# EICAR MA Filmmaking



## bhavyac10 (Feb 19, 2022)

Hello Everyone
I just got selected at EICAR, Paris for their MA Filmmaking Program. Can anybody tell me if this school is good for film direction or not? It has got mixed reviews on the internet, so I am a little confused. Any help would be appreciated.

Thanks


----------



## Jessie (Feb 20, 2022)

bhavyac10 said:


> Hello Everyone
> I just got selected at EICAR, Paris for their MA Filmmaking Program. Can anybody tell me if this school is good for film direction or not?
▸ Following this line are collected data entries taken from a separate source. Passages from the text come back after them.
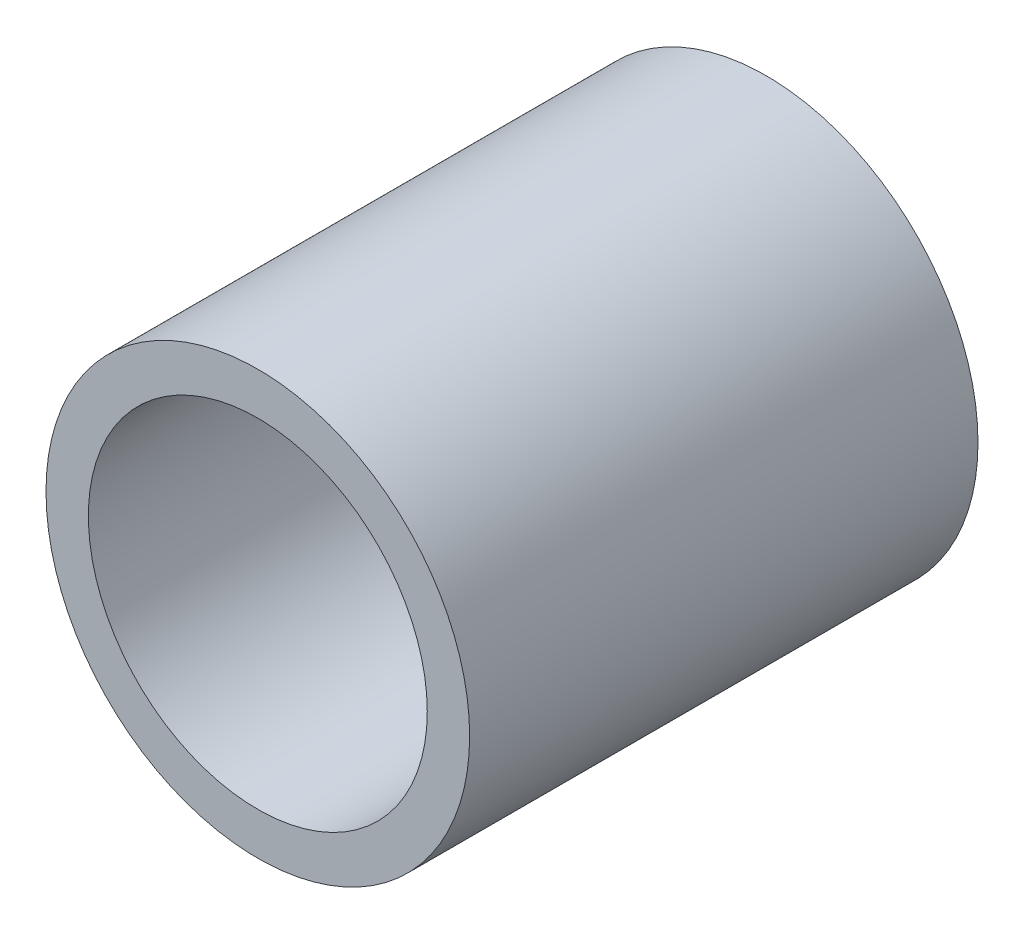
ISO-10303-21;
HEADER;
FILE_DESCRIPTION(('STEP AP214'),'2;1');
FILE_NAME('part.step','',(''),(''),'','','');
FILE_SCHEMA(('AUTOMOTIVE_DESIGN { 1 0 10303 214 1 1 1 1 }'));
ENDSEC;
DATA;
#1=APPLICATION_CONTEXT('core data for automotive mechanical design processes');
#2=APPLICATION_PROTOCOL_DEFINITION('international standard','automotive_design',2000,#1);
#3=PRODUCT_CONTEXT('',#1,'mechanical');
#4=PRODUCT('Part','Part','',(#3));
#5=PRODUCT_RELATED_PRODUCT_CATEGORY('part','',(#4));
#6=PRODUCT_DEFINITION_FORMATION('','',#4);
#7=PRODUCT_DEFINITION_CONTEXT('part definition',#1,'design');
#8=PRODUCT_DEFINITION('design','',#6,#7);
#9=PRODUCT_DEFINITION_SHAPE('','',#8);
#10=(LENGTH_UNIT() NAMED_UNIT(*) SI_UNIT(.MILLI.,.METRE.));
#11=(NAMED_UNIT(*) PLANE_ANGLE_UNIT() SI_UNIT($,.RADIAN.));
#12=(NAMED_UNIT(*) SI_UNIT($,.STERADIAN.) SOLID_ANGLE_UNIT());
#13=UNCERTAINTY_MEASURE_WITH_UNIT(LENGTH_MEASURE(1.E-05),#10,'distance_accuracy_value','');
#14=(GEOMETRIC_REPRESENTATION_CONTEXT(3) GLOBAL_UNCERTAINTY_ASSIGNED_CONTEXT((#13)) GLOBAL_UNIT_ASSIGNED_CONTEXT((#10,
#11,#12)) REPRESENTATION_CONTEXT('',''));
#15=CARTESIAN_POINT('',(0.,0.,0.));
#16=DIRECTION('',(0.,0.,1.));
#17=DIRECTION('',(1.,0.,0.));
#18=AXIS2_PLACEMENT_3D('',#15,#16,#17);
#19=CARTESIAN_POINT('',(0.,0.,0.3));
#20=DIRECTION('',(0.,0.,1.));
#21=DIRECTION('',(1.,0.,0.));
#22=AXIS2_PLACEMENT_3D('',#19,#20,#21);
#23=PLANE('',#22);
#24=CARTESIAN_POINT('',(0.,0.,0.3));
#25=DIRECTION('',(0.,0.,1.));
#26=DIRECTION('',(1.,0.,0.));
#27=AXIS2_PLACEMENT_3D('',#24,#25,#26);
#28=CIRCLE('',#27,0.125);
#29=CARTESIAN_POINT('',(0.125,0.,0.3));
#30=VERTEX_POINT('',#29);
#31=EDGE_CURVE('E10',#30,#30,#28,.T.);
#32=ORIENTED_EDGE('',*,*,#31,.T.);
#33=EDGE_LOOP('',(#32));
#34=FACE_BOUND('',#33,.T.);
#35=CARTESIAN_POINT('',(0.,0.,0.3));
#36=DIRECTION('',(0.,0.,1.));
#37=DIRECTION('',(1.,0.,0.));
#38=AXIS2_PLACEMENT_3D('',#35,#36,#37);
#39=CIRCLE('',#38,0.1);
#40=CARTESIAN_POINT('',(0.1,0.,0.3));
#41=VERTEX_POINT('',#40);
#42=EDGE_CURVE('E50',#41,#41,#39,.T.);
#43=ORIENTED_EDGE('',*,*,#42,.F.);
#44=EDGE_LOOP('',(#43));
#45=FACE_BOUND('',#44,.T.);
#46=ADVANCED_FACE('F37',(#34,#45),#23,.T.);
#47=CARTESIAN_POINT('',(0.,0.,0.));
#48=DIRECTION('',(0.,0.,1.));
#49=DIRECTION('',(1.,0.,0.));
#50=AXIS2_PLACEMENT_3D('',#47,#48,#49);
#51=PLANE('',#50);
#52=CARTESIAN_POINT('',(0.,0.,0.));
#53=DIRECTION('',(0.,0.,1.));
#54=DIRECTION('',(1.,0.,0.));
#55=AXIS2_PLACEMENT_3D('',#52,#53,#54);
#56=CIRCLE('',#55,0.125);
#57=CARTESIAN_POINT('',(0.125,0.,0.));
#58=VERTEX_POINT('',#57);
#59=EDGE_CURVE('E41',#58,#58,#56,.T.);
#60=ORIENTED_EDGE('',*,*,#59,.F.);
#61=EDGE_LOOP('',(#60));
#62=FACE_BOUND('',#61,.T.);
#63=CARTESIAN_POINT('',(0.,0.,0.));
#64=DIRECTION('',(0.,0.,1.));
#65=DIRECTION('',(1.,0.,0.));
#66=AXIS2_PLACEMENT_3D('',#63,#64,#65);
#67=CIRCLE('',#66,0.1);
#68=CARTESIAN_POINT('',(0.1,0.,0.));
#69=VERTEX_POINT('',#68);
#70=EDGE_CURVE('E52',#69,#69,#67,.T.);
#71=ORIENTED_EDGE('',*,*,#70,.T.);
#72=EDGE_LOOP('',(#71));
#73=FACE_BOUND('',#72,.T.);
#74=ADVANCED_FACE('F64',(#62,#73),#51,.F.);
#75=CARTESIAN_POINT('',(0.,0.,0.3));
#76=DIRECTION('',(0.,0.,-1.));
#77=DIRECTION('',(-1.,0.,0.));
#78=AXIS2_PLACEMENT_3D('',#75,#76,#77);
#79=CYLINDRICAL_SURFACE('',#78,0.125);
#80=ORIENTED_EDGE('',*,*,#31,.F.);
#81=EDGE_LOOP('',(#80));
#82=FACE_BOUND('',#81,.T.);
#83=ORIENTED_EDGE('',*,*,#59,.T.);
#84=EDGE_LOOP('',(#83));
#85=FACE_BOUND('',#84,.T.);
#86=ADVANCED_FACE('F39',(#82,#85),#79,.T.);
#87=CARTESIAN_POINT('',(0.,0.,0.3));
#88=DIRECTION('',(0.,0.,-1.));
#89=DIRECTION('',(-1.,0.,0.));
#90=AXIS2_PLACEMENT_3D('',#87,#88,#89);
#91=CYLINDRICAL_SURFACE('',#90,0.1);
#92=ORIENTED_EDGE('',*,*,#42,.T.);
#93=EDGE_LOOP('',(#92));
#94=FACE_BOUND('',#93,.T.);
#95=ORIENTED_EDGE('',*,*,#70,.F.);
#96=EDGE_LOOP('',(#95));
#97=FACE_BOUND('',#96,.T.);
#98=ADVANCED_FACE('F60',(#94,#97),#91,.F.);
#99=CLOSED_SHELL('',(#46,#74,#86,#98));
#100=MANIFOLD_SOLID_BREP('B2',#99);
#101=ADVANCED_BREP_SHAPE_REPRESENTATION('',(#18,#100),#14);
#102=SHAPE_DEFINITION_REPRESENTATION(#9,#101);
ENDSEC;
END-ISO-10303-21;

It has got mixed reviews on the internet, so I am a little confused. Any help would be appreciated.
> 
> Thanks


There are some Americans who go to EICAR and have posted some videos on youtube commenting on the school, maybe you can check them out.


----------



## Chris W (Feb 20, 2022)

There's this review for the undergrad:














 EICAR International Film School of Paris


	 					EICAR Film school review
					


Kiajum
Dec 24, 2019








1.00 star(s)





Reviews: 1
Category: France






There's also a bunch of posts on it if you search EICAR.



			Search results for query: EICAR


----------



## bhavyac10 (Feb 20, 2022)

Jessie said:


> There are some Americans who go to EICAR and have posted some videos on youtube commenting on the school, maybe you can check them out.


Thank you. Will definitely check them out.


----------